A USI references a spectrum stored in a repository. spectrl embeds it. Use spectrl when you want to share a spectrum directly in a URL, QR code, notebook, or paper — without requiring the reader to have access to the original file.

The two are complementary: a spectrl token can carry a USI back-link, and spectra too large to embed fall back to a USI reference.

Install

pip install spectrl

Requires Python 3.12+.

Quick start

Encode from mzmlpy

from mzmlpy.run import Mzml
from spectrl import encode_spectrum, from_mzmlpy

with Mzml("data.mzML") as mzml:
    spec = mzml.spectra[0]
    token = encode_spectrum(from_mzmlpy(spec))

print(token)
# spectrl1.hQ...

Encode manually

import numpy as np
from spectrl import encode_spectrum
from spectrl.model import InlineSpectrum, SpectrlCvParam

spec = InlineSpectrum(
    default_array_length=3,
    mz=np.array([147.0, 175.1, 246.2]),
    intensity=np.array([1e5, 8e4, 3e4]),
    id="scan=42",
    params=[
        SpectrlCvParam(accession="MS:1000511", value=2),   # ms level
        SpectrlCvParam(accession="MS:1000130"),             # positive scan
        SpectrlCvParam(accession="MS:1000127"),             # centroid
    ],
)

token = encode_spectrum(spec)

Decode

from spectrl import decode_token

decoded = decode_token(token)
print(decoded.mz)        # numpy array
print(decoded.intensity) # numpy array
print(decoded.id)        # "scan=42"

URL bindings

from spectrl import to_fragment, to_query, to_data_uri, extract_token

# Embed in a URL fragment (recommended — never sent to server)
url = to_fragment(token, "https://viewer.example.com/spectrum")
# https://viewer.example.com/spectrum#spectrl1.hQ...

# Or as a query parameter
url = to_query(token, "https://viewer.example.com/spectrum")
# https://viewer.example.com/spectrum?d=spectrl1.hQ...

# Or as a data URI
uri = to_data_uri(token)
# data:application/vnd.spectrl;v=1,spectrl1.hQ...

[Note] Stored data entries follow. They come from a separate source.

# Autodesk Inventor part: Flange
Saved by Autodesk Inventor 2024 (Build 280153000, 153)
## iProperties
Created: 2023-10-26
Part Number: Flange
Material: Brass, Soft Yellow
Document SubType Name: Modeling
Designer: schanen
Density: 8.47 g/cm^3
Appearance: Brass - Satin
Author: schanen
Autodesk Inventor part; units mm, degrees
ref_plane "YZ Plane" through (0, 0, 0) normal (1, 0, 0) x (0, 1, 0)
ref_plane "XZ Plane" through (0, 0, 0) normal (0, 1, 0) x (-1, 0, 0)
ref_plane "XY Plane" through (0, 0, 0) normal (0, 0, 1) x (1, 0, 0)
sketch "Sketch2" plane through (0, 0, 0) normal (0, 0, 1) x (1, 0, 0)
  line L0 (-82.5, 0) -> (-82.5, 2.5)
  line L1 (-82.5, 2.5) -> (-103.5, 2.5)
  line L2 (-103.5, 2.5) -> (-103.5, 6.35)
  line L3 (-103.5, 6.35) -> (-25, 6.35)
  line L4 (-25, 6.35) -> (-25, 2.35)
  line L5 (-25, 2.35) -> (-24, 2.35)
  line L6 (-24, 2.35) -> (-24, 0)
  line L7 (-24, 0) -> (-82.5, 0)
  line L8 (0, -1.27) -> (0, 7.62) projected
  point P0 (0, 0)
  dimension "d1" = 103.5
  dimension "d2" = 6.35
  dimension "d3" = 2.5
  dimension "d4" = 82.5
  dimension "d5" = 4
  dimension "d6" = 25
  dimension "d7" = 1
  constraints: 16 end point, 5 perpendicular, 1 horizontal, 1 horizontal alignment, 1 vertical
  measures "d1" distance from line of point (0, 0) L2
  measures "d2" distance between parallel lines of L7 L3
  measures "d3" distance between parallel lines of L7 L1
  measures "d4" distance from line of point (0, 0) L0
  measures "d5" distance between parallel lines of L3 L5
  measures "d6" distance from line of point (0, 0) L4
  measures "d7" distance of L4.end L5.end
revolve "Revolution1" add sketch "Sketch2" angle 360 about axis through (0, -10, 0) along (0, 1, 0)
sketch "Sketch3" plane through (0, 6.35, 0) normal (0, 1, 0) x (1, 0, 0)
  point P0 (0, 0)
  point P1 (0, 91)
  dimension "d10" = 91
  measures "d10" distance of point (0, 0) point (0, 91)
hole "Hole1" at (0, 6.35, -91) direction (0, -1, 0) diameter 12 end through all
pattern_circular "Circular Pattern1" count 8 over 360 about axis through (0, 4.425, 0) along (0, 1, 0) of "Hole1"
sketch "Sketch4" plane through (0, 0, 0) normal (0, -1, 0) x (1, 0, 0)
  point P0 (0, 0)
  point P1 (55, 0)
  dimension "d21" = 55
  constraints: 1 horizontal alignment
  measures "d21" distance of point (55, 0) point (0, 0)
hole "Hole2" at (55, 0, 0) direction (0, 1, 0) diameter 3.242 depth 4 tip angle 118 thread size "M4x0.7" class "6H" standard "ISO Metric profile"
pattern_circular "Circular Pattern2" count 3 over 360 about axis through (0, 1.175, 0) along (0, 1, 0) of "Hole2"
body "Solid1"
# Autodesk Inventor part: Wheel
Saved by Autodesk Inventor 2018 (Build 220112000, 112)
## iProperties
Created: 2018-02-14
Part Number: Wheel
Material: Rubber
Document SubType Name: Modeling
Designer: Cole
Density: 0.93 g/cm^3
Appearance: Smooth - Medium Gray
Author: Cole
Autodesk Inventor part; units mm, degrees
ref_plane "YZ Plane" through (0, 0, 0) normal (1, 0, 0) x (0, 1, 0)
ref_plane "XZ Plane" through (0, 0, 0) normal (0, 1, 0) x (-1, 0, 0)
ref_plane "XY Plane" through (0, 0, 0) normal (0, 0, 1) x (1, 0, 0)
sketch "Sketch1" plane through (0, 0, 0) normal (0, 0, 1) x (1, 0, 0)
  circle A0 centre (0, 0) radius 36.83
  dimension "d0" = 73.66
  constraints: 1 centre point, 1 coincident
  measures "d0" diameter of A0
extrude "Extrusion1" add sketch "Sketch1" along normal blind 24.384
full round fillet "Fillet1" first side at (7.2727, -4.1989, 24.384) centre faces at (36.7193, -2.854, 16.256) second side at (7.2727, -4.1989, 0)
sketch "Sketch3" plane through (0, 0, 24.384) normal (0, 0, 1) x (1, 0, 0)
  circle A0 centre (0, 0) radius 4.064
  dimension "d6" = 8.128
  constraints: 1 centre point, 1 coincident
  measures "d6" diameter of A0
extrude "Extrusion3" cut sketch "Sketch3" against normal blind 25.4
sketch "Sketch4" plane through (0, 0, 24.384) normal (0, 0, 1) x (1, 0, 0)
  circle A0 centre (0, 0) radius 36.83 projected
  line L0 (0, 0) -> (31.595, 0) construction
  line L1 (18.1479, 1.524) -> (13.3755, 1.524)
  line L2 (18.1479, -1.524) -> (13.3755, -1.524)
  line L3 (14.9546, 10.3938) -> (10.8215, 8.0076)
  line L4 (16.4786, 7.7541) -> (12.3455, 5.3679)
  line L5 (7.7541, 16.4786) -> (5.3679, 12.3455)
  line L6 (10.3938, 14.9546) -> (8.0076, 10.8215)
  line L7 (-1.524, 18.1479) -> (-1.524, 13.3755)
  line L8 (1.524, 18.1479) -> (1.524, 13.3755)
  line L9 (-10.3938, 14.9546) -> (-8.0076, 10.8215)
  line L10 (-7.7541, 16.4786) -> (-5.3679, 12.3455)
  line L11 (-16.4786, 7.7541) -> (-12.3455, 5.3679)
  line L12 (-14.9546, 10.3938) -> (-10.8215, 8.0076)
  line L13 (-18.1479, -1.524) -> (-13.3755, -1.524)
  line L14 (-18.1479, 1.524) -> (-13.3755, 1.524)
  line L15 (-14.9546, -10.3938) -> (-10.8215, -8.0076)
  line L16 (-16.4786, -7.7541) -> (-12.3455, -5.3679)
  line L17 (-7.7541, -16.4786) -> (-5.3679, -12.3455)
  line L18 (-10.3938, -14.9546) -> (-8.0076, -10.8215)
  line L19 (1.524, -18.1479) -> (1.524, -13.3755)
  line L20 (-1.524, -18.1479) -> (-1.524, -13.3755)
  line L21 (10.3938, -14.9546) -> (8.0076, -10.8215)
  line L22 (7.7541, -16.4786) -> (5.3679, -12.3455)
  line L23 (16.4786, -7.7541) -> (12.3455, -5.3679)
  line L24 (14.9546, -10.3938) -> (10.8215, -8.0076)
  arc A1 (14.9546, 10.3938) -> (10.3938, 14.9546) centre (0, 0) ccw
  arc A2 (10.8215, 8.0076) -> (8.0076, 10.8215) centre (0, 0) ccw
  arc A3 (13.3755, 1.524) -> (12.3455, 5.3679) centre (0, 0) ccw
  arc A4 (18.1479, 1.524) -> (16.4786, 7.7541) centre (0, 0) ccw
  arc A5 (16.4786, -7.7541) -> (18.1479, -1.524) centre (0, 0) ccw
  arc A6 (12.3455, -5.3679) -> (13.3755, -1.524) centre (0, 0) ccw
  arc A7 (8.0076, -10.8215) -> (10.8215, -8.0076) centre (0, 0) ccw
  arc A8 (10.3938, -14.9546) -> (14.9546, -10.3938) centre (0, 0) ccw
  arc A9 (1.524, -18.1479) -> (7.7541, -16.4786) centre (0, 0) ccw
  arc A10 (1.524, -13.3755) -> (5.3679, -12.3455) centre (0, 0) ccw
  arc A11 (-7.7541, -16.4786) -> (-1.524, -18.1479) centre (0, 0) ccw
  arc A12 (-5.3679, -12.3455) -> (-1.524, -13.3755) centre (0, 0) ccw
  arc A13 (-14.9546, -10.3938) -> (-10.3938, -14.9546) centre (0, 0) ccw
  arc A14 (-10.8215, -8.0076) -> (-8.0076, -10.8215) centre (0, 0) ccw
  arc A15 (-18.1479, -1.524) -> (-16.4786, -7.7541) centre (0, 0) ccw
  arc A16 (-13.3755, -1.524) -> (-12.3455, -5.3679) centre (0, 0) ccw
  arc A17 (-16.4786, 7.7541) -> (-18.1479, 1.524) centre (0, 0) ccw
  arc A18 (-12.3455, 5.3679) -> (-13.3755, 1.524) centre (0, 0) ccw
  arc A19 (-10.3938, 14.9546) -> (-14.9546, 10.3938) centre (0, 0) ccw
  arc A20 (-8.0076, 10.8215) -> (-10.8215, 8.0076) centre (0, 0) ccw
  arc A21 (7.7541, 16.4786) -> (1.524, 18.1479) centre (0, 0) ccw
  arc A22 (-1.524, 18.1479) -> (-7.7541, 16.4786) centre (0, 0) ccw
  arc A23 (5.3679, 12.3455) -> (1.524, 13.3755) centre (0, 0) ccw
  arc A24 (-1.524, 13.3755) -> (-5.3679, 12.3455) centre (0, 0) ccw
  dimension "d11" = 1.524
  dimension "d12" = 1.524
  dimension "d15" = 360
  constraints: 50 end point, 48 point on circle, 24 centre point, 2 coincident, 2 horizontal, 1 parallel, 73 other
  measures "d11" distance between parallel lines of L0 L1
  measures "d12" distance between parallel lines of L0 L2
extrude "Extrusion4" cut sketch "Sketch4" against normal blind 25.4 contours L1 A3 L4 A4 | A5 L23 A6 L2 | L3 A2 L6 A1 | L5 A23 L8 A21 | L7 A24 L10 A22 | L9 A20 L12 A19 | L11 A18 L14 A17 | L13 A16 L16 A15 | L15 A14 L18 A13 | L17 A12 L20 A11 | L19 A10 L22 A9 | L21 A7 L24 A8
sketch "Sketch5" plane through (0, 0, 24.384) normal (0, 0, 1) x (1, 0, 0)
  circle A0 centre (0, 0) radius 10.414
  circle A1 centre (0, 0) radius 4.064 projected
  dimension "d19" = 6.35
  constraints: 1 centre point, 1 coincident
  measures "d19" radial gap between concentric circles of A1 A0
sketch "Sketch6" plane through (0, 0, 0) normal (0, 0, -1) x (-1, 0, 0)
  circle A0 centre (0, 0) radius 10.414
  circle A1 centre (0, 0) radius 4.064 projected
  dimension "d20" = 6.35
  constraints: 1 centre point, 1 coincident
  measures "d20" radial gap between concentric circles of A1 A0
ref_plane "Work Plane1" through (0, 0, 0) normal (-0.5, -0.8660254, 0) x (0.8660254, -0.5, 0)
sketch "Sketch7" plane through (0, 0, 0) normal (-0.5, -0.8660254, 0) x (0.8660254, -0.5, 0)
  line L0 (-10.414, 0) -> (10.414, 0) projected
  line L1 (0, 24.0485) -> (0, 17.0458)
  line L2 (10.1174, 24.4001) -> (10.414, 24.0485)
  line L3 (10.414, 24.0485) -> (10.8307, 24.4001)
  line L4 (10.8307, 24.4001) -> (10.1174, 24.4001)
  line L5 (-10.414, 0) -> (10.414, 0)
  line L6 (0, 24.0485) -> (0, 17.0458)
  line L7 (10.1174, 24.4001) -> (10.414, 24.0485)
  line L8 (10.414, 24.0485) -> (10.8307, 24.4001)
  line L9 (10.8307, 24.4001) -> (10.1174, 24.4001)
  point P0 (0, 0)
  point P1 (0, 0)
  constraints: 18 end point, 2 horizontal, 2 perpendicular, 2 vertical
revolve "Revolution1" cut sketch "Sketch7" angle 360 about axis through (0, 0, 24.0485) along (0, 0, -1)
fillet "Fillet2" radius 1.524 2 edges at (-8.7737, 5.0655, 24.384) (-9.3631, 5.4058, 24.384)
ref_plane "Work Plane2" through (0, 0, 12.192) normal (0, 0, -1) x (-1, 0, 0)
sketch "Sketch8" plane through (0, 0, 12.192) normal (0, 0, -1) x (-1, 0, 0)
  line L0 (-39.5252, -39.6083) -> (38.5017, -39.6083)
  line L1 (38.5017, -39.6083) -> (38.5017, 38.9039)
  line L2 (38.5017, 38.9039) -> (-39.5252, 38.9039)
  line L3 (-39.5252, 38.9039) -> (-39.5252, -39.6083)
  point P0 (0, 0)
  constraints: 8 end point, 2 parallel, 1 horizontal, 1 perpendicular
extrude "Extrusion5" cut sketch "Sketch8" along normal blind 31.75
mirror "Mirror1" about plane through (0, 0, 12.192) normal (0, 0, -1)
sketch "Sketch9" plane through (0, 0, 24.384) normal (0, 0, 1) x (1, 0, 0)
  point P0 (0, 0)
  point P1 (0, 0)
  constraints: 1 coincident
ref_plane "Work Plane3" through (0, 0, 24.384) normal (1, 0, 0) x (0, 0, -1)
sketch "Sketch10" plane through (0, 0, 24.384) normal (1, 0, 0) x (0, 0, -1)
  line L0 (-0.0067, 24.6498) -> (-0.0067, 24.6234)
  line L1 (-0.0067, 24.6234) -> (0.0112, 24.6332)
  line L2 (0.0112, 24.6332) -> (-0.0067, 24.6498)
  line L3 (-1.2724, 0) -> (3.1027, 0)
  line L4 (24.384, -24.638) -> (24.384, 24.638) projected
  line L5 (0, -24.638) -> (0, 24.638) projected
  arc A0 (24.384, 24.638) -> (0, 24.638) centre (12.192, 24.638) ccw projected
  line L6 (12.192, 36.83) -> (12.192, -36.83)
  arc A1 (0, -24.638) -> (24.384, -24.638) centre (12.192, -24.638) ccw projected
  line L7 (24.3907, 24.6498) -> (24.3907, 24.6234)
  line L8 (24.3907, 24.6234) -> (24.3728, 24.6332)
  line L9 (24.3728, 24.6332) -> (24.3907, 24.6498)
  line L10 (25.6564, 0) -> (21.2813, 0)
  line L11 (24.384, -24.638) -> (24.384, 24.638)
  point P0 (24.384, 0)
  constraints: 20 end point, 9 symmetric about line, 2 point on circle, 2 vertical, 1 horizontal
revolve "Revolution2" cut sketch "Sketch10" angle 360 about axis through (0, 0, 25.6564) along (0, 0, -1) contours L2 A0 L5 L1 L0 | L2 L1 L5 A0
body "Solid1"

# Extract token back from any of the above
token = extract_token(url)

Trim large spectra

from spectrl import top_n

# Keep the 50 most intense peaks before encoding
trimmed = top_n(spec, 50)
token = encode_spectrum(trimmed)

Lossless encoding

# Default is lossy MS-Numpress (~0.003 mDa m/z error, ~0.007% intensity error)
# Use lossless=True for bit-exact IEEE-754 doubles
token = encode_spectrum(spec, lossless=True)

Token format

spectrl1.<b64url(msgpack_header)>.<b64url(mz_array)>.<b64url(intensity_array)>[.<b64url(...)>]
  • spectrl1 — magic + format version; clean version bumps.
  • Segments separated by .; each is base64url without padding (RFC 4648 §5).
  • Header — msgpack map with integer keys mirroring mzML structure: ms level, polarity, scan times, precursor isolation window, activation method, collision energy, ProForma interpretation, and a truncated SHA-256 content hash.
  • Array segments — one per array type (m/z, intensity, charge, ion mobility). Each encoded as MS-Numpress (lossy) or raw IEEE-754 (lossless) + zlib, matching mzML's own binaryDataArray pipeline.

Encoding precision

Measured over 479,455 peaks from a real LC-MS/MS dataset (BSA, Orbitrap):

Array Mean error Max error
m/z (MS-Numpress linear) 0.0025 mDa / 0.006 ppm 0.005 mDa / 0.056 ppm
Intensity (MS-Numpress slof) 0.007% relative 0.029% relative

Size vs mzML

Measured on the same BSA dataset (1,684 spectra):

Format MS1 avg (545 peaks) MS2 avg (109 peaks)
Raw mzML XML 12,876 B 6,004 B
spectrl (lossy) 4,241 B 1,340 B
spectrl (lossless) 10,302 B 1,909 B

CLI

# Encode from JSON
echo '{"mz":[147.0,175.1],"intensity":[1e5,8e4]}' | spectrl encode

# Decode a token
echo "spectrl1.hQ..." | spectrl decode

# Inspect the header as readable JSON
echo "spectrl1.hQ..." | spectrl inspect

Design

  • mzML-faithful — metadata is carried as CV accession maps (MS: ontology), mirroring mzML cvParam semantics. No invented field names.
  • CV binding — all accession constants come from mzmlpy's StrEnum enums; no hardcoded integers.
  • Deterministic (within an implementation) — canonical form (m/z-ascending, fixed numpress scale factors) yields a stable token from a given implementation, plus a truncated SHA-256 content hash (key 9) verified on decode as a transport-integrity check. Token bytes are not guaranteed identical across implementations (DEFLATE/msgpack output is not canonical); see SPECIFICATION.md.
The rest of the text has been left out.